### Data shown ###

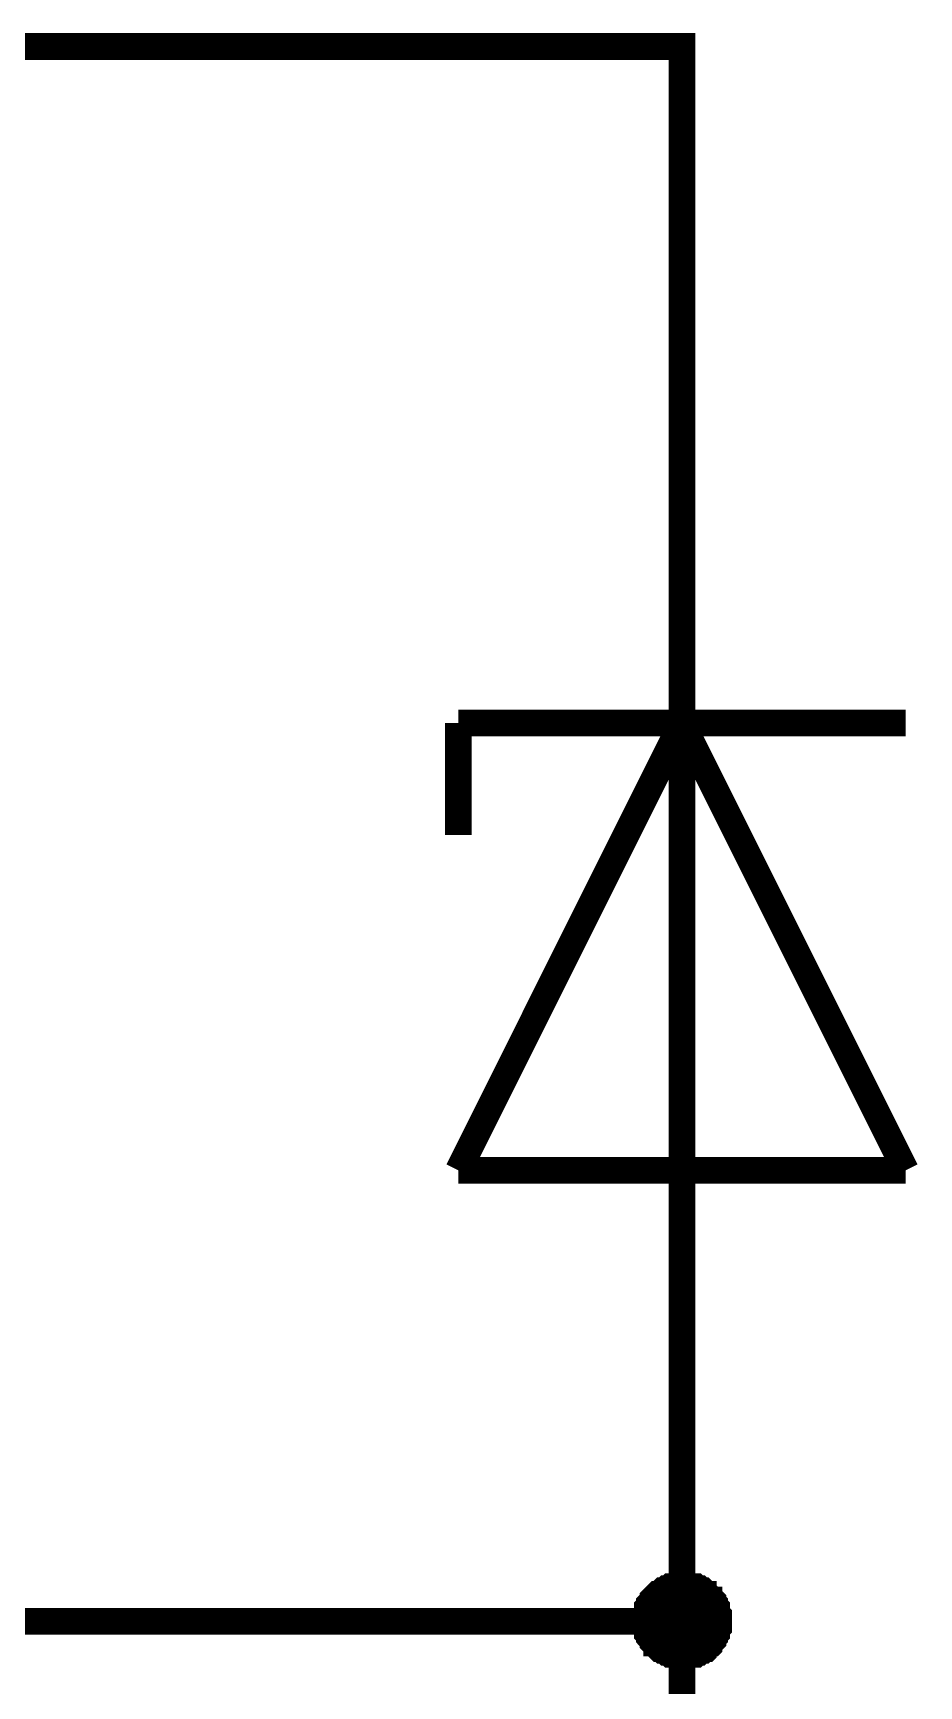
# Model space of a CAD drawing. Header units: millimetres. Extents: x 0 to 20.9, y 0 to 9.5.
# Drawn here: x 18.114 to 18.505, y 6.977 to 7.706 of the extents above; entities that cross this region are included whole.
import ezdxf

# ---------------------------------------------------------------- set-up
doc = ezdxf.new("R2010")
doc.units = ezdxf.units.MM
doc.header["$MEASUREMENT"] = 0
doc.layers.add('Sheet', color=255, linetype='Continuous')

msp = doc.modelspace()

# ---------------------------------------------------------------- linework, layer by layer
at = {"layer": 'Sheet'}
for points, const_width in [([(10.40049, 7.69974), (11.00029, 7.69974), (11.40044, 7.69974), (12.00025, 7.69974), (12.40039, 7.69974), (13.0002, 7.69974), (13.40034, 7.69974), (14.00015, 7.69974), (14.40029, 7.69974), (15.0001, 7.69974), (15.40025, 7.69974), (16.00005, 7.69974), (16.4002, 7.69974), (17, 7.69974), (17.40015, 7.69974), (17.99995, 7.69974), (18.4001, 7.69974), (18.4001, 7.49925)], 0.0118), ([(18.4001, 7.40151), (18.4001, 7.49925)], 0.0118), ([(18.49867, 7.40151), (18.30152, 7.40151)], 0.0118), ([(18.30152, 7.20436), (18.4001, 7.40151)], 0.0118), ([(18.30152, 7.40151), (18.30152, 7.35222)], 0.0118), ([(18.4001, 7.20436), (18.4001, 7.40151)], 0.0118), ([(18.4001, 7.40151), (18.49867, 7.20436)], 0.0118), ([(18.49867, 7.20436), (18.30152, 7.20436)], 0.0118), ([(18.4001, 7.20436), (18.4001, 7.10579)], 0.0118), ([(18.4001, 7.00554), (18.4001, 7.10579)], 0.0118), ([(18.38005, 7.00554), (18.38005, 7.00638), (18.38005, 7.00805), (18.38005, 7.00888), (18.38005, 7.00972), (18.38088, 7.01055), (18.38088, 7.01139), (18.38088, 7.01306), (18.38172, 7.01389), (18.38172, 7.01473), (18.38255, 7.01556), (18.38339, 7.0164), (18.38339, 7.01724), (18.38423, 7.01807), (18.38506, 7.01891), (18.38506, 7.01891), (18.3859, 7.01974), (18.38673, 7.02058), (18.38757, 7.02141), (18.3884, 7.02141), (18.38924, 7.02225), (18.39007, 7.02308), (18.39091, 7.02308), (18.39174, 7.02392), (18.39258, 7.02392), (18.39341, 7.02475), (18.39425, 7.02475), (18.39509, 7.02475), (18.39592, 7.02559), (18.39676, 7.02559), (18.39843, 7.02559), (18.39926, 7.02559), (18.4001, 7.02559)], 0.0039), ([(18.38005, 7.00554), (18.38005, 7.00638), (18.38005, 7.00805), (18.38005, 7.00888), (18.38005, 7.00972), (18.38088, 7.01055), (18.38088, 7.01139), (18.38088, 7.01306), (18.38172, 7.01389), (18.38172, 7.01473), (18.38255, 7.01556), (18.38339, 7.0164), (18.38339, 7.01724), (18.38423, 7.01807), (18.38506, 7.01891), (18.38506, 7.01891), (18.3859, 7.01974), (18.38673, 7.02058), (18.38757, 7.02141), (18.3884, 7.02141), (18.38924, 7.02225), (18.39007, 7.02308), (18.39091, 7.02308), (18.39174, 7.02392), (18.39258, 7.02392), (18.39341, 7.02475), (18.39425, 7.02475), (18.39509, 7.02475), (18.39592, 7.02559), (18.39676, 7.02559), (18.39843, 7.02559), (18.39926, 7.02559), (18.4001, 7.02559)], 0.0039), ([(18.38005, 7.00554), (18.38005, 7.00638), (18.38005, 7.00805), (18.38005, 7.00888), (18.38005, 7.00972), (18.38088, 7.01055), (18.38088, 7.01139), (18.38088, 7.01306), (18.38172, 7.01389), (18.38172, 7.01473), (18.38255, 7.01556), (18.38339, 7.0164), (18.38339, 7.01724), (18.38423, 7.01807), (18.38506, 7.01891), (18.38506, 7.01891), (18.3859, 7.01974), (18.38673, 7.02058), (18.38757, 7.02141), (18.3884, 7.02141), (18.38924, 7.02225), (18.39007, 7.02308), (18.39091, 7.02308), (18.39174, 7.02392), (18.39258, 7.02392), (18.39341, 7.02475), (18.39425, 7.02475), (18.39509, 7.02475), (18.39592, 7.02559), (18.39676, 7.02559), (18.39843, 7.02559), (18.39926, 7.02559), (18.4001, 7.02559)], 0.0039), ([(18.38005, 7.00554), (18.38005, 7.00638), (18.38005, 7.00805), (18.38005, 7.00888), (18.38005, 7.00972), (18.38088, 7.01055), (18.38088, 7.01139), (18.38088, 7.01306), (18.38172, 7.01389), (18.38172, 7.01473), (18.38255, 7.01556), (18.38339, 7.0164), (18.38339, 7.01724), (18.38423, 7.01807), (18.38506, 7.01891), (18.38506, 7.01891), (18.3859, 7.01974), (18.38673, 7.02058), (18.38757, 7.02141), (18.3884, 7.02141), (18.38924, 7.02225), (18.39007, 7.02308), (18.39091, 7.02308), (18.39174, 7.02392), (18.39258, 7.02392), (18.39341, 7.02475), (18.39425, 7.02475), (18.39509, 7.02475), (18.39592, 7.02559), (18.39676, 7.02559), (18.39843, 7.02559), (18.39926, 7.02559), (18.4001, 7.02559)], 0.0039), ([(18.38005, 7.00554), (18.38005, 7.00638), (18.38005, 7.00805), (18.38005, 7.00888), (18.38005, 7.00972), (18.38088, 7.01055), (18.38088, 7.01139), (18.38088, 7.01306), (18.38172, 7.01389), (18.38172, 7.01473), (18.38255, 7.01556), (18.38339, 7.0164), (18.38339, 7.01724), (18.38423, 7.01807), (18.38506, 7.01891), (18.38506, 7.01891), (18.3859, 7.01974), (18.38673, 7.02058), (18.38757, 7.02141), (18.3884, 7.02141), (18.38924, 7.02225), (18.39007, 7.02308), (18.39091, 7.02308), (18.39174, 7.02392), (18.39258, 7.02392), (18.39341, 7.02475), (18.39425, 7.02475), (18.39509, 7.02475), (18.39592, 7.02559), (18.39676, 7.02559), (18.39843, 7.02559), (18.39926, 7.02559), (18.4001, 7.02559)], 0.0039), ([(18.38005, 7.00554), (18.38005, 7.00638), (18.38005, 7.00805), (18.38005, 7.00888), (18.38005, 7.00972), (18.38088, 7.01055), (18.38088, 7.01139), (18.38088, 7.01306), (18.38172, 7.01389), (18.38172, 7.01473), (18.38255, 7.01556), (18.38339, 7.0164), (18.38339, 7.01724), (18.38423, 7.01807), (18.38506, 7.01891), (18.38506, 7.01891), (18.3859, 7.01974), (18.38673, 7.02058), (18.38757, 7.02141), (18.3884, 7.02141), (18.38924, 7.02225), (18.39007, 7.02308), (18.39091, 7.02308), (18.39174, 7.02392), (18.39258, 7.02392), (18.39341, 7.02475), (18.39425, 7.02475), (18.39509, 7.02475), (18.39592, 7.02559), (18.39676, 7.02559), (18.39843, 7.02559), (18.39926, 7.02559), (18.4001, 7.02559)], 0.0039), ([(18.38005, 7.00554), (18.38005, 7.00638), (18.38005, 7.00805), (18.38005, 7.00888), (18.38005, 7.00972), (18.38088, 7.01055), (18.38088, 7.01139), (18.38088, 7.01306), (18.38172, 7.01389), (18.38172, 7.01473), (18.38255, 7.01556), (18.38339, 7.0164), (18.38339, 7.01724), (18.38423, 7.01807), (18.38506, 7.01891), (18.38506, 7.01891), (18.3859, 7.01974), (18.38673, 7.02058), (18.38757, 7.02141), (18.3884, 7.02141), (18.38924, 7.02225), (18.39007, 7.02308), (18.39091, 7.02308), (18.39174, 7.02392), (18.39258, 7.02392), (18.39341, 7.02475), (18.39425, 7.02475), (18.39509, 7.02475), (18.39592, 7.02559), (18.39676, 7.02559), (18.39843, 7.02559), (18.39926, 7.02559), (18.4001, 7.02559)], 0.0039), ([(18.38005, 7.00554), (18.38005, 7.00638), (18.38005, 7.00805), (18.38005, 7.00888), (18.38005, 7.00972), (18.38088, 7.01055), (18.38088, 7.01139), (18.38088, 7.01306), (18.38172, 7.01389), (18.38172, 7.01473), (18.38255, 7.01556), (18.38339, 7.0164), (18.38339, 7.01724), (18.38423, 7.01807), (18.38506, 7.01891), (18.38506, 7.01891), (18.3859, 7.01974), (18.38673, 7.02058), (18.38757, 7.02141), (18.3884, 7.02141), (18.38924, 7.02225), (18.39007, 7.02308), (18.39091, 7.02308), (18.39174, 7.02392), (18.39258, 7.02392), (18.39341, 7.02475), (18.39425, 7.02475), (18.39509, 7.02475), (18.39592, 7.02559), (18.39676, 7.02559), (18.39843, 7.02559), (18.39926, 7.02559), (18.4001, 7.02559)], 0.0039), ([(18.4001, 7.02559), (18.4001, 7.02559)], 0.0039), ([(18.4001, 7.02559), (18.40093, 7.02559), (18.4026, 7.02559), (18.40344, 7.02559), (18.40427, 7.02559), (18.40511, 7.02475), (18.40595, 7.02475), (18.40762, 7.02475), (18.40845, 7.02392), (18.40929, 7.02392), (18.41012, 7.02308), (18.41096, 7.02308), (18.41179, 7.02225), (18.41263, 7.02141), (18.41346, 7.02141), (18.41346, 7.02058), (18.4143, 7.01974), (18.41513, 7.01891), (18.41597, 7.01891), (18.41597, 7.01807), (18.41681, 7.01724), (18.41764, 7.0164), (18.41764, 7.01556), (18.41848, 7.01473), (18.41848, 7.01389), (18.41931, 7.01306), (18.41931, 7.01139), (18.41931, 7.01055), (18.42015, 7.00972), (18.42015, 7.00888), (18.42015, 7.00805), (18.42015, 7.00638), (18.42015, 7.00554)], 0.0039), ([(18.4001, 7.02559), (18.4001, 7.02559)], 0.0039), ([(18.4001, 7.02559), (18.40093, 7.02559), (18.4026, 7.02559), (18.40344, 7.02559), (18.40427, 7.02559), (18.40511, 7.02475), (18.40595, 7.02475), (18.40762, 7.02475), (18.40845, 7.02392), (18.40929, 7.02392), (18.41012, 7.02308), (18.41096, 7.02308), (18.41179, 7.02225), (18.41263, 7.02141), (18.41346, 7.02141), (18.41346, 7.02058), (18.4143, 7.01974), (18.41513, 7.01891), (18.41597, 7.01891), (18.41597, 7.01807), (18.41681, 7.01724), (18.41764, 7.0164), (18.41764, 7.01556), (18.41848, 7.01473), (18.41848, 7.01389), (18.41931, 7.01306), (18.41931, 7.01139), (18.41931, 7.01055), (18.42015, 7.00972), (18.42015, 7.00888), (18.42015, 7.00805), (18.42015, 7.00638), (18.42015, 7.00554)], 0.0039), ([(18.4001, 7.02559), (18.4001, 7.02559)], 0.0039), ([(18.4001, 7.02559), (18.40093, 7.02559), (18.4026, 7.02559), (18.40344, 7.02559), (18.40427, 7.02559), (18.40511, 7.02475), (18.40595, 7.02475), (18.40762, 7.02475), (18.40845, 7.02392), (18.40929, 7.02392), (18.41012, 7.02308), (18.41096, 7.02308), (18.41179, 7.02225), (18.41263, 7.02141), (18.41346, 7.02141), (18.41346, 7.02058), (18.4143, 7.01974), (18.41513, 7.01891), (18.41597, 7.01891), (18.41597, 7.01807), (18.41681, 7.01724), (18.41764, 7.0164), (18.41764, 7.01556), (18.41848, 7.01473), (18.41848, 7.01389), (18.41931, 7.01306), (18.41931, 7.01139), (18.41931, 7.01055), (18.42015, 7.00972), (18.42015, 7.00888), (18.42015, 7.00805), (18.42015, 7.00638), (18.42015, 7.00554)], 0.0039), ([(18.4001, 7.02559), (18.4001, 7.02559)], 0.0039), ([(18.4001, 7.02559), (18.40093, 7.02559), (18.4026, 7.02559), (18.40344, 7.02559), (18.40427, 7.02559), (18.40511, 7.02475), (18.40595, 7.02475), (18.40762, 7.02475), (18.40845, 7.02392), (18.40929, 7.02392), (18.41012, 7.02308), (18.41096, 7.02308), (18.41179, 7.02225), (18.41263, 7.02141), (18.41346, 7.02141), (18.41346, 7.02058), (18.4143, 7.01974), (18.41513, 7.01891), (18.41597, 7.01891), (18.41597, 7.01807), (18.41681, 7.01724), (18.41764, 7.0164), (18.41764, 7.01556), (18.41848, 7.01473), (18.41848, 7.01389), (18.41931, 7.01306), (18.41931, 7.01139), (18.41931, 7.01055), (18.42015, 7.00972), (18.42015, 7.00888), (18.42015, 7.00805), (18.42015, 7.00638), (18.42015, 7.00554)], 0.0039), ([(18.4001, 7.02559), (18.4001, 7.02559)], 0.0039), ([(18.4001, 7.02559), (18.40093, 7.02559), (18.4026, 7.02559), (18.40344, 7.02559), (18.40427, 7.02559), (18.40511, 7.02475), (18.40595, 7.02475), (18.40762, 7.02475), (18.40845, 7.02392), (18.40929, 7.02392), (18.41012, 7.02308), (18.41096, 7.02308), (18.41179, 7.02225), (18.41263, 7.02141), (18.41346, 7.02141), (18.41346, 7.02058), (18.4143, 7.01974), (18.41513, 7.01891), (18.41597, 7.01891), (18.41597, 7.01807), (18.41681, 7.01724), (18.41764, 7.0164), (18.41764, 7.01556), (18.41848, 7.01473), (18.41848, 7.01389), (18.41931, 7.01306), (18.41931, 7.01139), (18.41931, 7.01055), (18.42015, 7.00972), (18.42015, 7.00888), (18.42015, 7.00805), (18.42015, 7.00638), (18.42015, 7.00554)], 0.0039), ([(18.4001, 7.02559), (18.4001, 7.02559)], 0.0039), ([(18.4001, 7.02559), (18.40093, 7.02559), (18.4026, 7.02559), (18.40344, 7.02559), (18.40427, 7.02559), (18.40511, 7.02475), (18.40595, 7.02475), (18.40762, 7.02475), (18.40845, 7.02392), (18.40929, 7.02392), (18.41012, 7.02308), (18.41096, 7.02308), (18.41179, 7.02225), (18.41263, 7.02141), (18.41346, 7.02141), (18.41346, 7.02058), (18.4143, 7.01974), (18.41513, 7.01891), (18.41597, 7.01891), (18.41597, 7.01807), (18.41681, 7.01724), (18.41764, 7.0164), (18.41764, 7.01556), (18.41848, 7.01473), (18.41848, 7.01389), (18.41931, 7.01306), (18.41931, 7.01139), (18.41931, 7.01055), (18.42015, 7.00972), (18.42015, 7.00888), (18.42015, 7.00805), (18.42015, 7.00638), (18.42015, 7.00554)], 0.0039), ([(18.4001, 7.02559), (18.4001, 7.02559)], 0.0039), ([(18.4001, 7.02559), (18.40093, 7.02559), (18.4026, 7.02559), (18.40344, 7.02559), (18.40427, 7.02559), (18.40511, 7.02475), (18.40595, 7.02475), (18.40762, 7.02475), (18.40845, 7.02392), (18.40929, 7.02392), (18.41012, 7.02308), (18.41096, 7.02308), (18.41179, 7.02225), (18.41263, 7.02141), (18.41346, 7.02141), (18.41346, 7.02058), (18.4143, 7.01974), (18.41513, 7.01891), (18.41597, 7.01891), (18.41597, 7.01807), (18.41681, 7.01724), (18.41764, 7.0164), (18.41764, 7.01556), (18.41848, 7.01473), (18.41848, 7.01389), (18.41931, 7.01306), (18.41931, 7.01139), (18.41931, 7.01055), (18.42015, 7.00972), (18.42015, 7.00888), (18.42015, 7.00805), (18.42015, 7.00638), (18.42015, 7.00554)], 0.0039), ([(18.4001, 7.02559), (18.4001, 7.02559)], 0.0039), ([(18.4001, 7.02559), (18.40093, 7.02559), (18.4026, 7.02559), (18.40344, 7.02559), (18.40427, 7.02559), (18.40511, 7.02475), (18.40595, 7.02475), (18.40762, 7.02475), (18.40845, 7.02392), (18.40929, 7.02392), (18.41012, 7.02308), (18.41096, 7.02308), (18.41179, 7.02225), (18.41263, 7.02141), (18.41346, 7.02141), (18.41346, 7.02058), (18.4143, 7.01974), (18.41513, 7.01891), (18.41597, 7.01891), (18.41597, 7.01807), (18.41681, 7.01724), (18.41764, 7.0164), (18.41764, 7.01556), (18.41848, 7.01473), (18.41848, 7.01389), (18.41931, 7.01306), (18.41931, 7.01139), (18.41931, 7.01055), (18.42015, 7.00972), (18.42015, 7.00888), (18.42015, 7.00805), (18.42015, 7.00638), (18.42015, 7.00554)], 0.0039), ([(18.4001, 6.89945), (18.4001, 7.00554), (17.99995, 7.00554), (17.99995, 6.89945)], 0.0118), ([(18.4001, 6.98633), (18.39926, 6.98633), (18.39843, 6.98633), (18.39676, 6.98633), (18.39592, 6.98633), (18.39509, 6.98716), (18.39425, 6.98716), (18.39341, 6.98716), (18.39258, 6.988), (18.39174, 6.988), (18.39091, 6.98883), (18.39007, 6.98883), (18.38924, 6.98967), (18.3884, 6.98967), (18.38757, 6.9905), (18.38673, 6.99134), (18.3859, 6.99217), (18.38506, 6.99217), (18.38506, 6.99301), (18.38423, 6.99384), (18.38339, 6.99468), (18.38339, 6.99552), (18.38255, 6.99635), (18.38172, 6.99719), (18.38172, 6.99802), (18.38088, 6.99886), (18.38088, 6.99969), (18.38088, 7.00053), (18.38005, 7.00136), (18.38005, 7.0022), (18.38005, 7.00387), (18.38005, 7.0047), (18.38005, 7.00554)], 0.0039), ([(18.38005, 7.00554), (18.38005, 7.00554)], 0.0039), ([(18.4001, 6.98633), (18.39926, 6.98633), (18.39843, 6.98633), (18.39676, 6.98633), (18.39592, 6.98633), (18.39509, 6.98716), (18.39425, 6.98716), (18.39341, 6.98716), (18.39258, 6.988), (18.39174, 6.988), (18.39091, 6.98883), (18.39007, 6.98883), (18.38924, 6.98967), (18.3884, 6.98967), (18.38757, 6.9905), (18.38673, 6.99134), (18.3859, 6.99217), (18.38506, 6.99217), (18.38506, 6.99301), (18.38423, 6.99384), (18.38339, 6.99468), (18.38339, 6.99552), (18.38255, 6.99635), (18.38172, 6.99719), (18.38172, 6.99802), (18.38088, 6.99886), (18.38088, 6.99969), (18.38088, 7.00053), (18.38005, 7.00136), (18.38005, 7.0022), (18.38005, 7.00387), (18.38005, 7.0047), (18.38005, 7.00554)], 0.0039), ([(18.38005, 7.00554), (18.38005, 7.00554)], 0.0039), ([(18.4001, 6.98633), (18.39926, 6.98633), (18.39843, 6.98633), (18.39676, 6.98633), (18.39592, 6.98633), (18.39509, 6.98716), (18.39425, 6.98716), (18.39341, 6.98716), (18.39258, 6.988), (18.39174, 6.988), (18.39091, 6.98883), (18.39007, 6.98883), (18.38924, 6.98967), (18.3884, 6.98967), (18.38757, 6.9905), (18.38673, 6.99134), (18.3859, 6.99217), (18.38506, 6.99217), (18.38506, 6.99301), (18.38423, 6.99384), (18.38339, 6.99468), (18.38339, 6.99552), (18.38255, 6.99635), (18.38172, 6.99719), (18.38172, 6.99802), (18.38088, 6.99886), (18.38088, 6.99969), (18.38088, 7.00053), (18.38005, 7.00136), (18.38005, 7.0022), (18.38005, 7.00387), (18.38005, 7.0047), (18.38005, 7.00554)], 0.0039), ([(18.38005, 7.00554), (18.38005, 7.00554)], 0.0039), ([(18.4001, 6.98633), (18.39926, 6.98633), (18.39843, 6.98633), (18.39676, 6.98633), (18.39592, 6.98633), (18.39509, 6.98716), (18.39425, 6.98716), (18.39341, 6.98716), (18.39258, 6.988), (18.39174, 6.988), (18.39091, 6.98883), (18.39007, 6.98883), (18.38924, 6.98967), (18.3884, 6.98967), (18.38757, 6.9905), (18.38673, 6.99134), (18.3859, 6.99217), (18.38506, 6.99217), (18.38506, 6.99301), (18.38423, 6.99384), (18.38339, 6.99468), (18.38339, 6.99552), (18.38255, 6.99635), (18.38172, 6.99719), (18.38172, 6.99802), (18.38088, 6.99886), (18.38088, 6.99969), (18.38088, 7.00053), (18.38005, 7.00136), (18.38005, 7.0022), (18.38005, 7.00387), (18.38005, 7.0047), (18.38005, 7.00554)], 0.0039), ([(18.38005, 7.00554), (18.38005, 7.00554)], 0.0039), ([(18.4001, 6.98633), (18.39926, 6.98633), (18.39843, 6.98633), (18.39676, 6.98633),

###

[Task to carry out]:
Wherever "units" turns up in the records, copy the whole line.

[Solution]:
# Model space of a CAD drawing. Header units: millimetres. Extents: x 0 to 20.9, y 0 to 9.5.
doc.units = ezdxf.units.MM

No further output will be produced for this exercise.